(Data extracted from a collection)
────────

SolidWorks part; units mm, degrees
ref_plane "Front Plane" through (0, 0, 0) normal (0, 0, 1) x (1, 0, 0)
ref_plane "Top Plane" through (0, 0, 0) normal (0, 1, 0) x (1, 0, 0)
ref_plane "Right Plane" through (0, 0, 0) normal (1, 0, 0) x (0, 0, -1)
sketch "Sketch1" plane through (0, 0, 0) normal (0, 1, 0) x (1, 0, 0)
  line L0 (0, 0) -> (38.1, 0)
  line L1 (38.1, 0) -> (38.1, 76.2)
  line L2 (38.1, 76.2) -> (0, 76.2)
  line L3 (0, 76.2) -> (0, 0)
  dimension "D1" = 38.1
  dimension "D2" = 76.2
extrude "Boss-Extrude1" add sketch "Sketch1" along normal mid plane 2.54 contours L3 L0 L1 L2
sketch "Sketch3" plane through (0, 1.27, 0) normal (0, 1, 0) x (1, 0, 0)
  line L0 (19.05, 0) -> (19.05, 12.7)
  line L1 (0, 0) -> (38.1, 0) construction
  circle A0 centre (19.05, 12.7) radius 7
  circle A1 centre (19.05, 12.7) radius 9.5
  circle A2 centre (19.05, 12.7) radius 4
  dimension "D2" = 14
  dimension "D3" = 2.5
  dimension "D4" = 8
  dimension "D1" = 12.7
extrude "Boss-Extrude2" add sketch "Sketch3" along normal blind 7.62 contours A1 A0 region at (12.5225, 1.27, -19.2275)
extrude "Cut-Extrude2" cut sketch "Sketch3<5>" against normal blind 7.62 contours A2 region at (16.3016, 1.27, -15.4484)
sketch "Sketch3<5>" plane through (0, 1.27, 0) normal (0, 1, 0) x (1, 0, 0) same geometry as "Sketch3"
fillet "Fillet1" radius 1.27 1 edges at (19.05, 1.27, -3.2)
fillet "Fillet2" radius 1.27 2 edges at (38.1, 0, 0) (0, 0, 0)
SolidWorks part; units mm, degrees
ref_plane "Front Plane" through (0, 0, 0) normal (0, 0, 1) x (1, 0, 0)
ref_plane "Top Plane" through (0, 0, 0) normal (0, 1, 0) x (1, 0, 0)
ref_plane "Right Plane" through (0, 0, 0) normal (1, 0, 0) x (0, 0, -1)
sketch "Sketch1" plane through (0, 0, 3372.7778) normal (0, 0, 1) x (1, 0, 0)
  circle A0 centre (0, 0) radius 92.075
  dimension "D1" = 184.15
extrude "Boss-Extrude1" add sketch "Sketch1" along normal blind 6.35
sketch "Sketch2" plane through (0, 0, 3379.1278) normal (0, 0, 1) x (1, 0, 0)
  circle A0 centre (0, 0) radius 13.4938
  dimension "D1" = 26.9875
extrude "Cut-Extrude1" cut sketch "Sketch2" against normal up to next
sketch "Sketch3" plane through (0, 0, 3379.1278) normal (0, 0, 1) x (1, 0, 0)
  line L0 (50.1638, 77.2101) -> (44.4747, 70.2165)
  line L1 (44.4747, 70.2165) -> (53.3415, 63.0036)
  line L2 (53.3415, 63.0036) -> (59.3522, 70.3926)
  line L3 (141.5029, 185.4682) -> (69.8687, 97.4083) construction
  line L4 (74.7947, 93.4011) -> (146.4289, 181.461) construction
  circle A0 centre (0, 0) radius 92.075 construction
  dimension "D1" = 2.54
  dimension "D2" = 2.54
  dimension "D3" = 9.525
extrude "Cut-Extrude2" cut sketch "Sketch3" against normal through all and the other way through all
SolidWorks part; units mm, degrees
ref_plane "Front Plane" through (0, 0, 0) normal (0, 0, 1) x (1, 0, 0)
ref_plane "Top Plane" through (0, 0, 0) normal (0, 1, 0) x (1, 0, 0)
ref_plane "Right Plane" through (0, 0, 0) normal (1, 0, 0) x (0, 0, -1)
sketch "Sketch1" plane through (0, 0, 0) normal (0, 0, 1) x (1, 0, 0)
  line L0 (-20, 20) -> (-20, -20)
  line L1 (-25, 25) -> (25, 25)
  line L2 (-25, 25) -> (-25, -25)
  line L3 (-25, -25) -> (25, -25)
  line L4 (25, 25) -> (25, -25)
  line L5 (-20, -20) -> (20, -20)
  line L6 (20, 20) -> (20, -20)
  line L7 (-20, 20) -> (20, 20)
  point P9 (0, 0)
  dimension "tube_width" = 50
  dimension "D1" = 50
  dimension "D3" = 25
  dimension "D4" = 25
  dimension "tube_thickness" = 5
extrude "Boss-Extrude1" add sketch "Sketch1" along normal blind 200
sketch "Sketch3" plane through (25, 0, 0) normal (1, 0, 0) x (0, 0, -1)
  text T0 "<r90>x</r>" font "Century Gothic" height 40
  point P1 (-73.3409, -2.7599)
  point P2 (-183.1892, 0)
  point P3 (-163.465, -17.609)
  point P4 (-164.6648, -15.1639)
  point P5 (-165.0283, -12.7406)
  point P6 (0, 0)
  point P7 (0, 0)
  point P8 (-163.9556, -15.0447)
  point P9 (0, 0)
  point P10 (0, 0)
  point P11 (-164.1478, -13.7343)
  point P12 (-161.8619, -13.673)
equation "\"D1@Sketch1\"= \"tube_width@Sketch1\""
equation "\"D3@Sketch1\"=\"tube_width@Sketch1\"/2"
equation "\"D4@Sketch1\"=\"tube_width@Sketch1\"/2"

────────

About this task: Give the data again exactly, line for line.

Exercise response:
SolidWorks part; units mm, degrees
ref_plane "Front Plane" through (0, 0, 0) normal (0, 0, 1) x (1, 0, 0)
ref_plane "Top Plane" through (0, 0, 0) normal (0, 1, 0) x (1, 0, 0)
ref_plane "Right Plane" through (0, 0, 0) normal (1, 0, 0) x (0, 0, -1)
sketch "Sketch1" plane through (0, 0, 0) normal (0, 1, 0) x (1, 0, 0)
  line L0 (0, 0) -> (38.1, 0)
  line L1 (38.1, 0) -> (38.1, 76.2)
  line L2 (38.1, 76.2) -> (0, 76.2)
  line L3 (0, 76.2) -> (0, 0)
  dimension "D1" = 38.1
  dimension "D2" = 76.2
extrude "Boss-Extrude1" add sketch "Sketch1" along normal mid plane 2.54 contours L3 L0 L1 L2
sketch "Sketch3" plane through (0, 1.27, 0) normal (0, 1, 0) x (1, 0, 0)
  line L0 (19.05, 0) -> (19.05, 12.7)
  line L1 (0, 0) -> (38.1, 0) construction
  circle A0 centre (19.05, 12.7) radius 7
  circle A1 centre (19.05, 12.7) radius 9.5
  circle A2 centre (19.05, 12.7) radius 4
  dimension "D2" = 14
  dimension "D3" = 2.5
  dimension "D4" = 8
  dimension "D1" = 12.7
extrude "Boss-Extrude2" add sketch "Sketch3" along normal blind 7.62 contours A1 A0 region at (12.5225, 1.27, -19.2275)
extrude "Cut-Extrude2" cut sketch "Sketch3<5>" against normal blind 7.62 contours A2 region at (16.3016, 1.27, -15.4484)
sketch "Sketch3<5>" plane through (0, 1.27, 0) normal (0, 1, 0) x (1, 0, 0) same geometry as "Sketch3"
fillet "Fillet1" radius 1.27 1 edges at (19.05, 1.27, -3.2)
fillet "Fillet2" radius 1.27 2 edges at (38.1, 0, 0) (0, 0, 0)
SolidWorks part; units mm, degrees
ref_plane "Front Plane" through (0, 0, 0) normal (0, 0, 1) x (1, 0, 0)
ref_plane "Top Plane" through (0, 0, 0) normal (0, 1, 0) x (1, 0, 0)
ref_plane "Right Plane" through (0, 0, 0) normal (1, 0, 0) x (0, 0, -1)
sketch "Sketch1" plane through (0, 0, 3372.7778) normal (0, 0, 1) x (1, 0, 0)
  circle A0 centre (0, 0) radius 92.075
  dimension "D1" = 184.15
extrude "Boss-Extrude1" add sketch "Sketch1" along normal blind 6.35
sketch "Sketch2" plane through (0, 0, 3379.1278) normal (0, 0, 1) x (1, 0, 0)
  circle A0 centre (0, 0) radius 13.4938
  dimension "D1" = 26.9875
extrude "Cut-Extrude1" cut sketch "Sketch2" against normal up to next
sketch "Sketch3" plane through (0, 0, 3379.1278) normal (0, 0, 1) x (1, 0, 0)
  line L0 (50.1638, 77.2101) -> (44.4747, 70.2165)
  line L1 (44.4747, 70.2165) -> (53.3415, 63.0036)
  line L2 (53.3415, 63.0036) -> (59.3522, 70.3926)
  line L3 (141.5029, 185.4682) -> (69.8687, 97.4083) construction
  line L4 (74.7947, 93.4011) -> (146.4289, 181.461) construction
  circle A0 centre (0, 0) radius 92.075 construction
  dimension "D1" = 2.54
  dimension "D2" = 2.54
  dimension "D3" = 9.525
extrude "Cut-Extrude2" cut sketch "Sketch3" against normal through all and the other way through all
SolidWorks part; units mm, degrees
ref_plane "Front Plane" through (0, 0, 0) normal (0, 0, 1) x (1, 0, 0)
ref_plane "Top Plane" through (0, 0, 0) normal (0, 1, 0) x (1, 0, 0)
ref_plane "Right Plane" through (0, 0, 0) normal (1, 0, 0) x (0, 0, -1)
sketch "Sketch1" plane through (0, 0, 0) normal (0, 0, 1) x (1, 0, 0)
  line L0 (-20, 20) -> (-20, -20)
  line L1 (-25, 25) -> (25, 25)
  line L2 (-25, 25) -> (-25, -25)
  line L3 (-25, -25) -> (25, -25)
  line L4 (25, 25) -> (25, -25)
  line L5 (-20, -20) -> (20, -20)
  line L6 (20, 20) -> (20, -20)
  line L7 (-20, 20) -> (20, 20)
  point P9 (0, 0)
  dimension "tube_width" = 50
  dimension "D1" = 50
  dimension "D3" = 25
  dimension "D4" = 25
  dimension "tube_thickness" = 5
extrude "Boss-Extrude1" add sketch "Sketch1" along normal blind 200
sketch "Sketch3" plane through (25, 0, 0) normal (1, 0, 0) x (0, 0, -1)
  text T0 "<r90>x</r>" font "Century Gothic" height 40
  point P1 (-73.3409, -2.7599)
  point P2 (-183.1892, 0)
  point P3 (-163.465, -17.609)
  point P4 (-164.6648, -15.1639)
  point P5 (-165.0283, -12.7406)
  point P6 (0, 0)
  point P7 (0, 0)
  point P8 (-163.9556, -15.0447)
  point P9 (0, 0)
  point P10 (0, 0)
  point P11 (-164.1478, -13.7343)
  point P12 (-161.8619, -13.673)
equation "\"D1@Sketch1\"= \"tube_width@Sketch1\""
equation "\"D3@Sketch1\"=\"tube_width@Sketch1\"/2"
equation "\"D4@Sketch1\"=\"tube_width@Sketch1\"/2"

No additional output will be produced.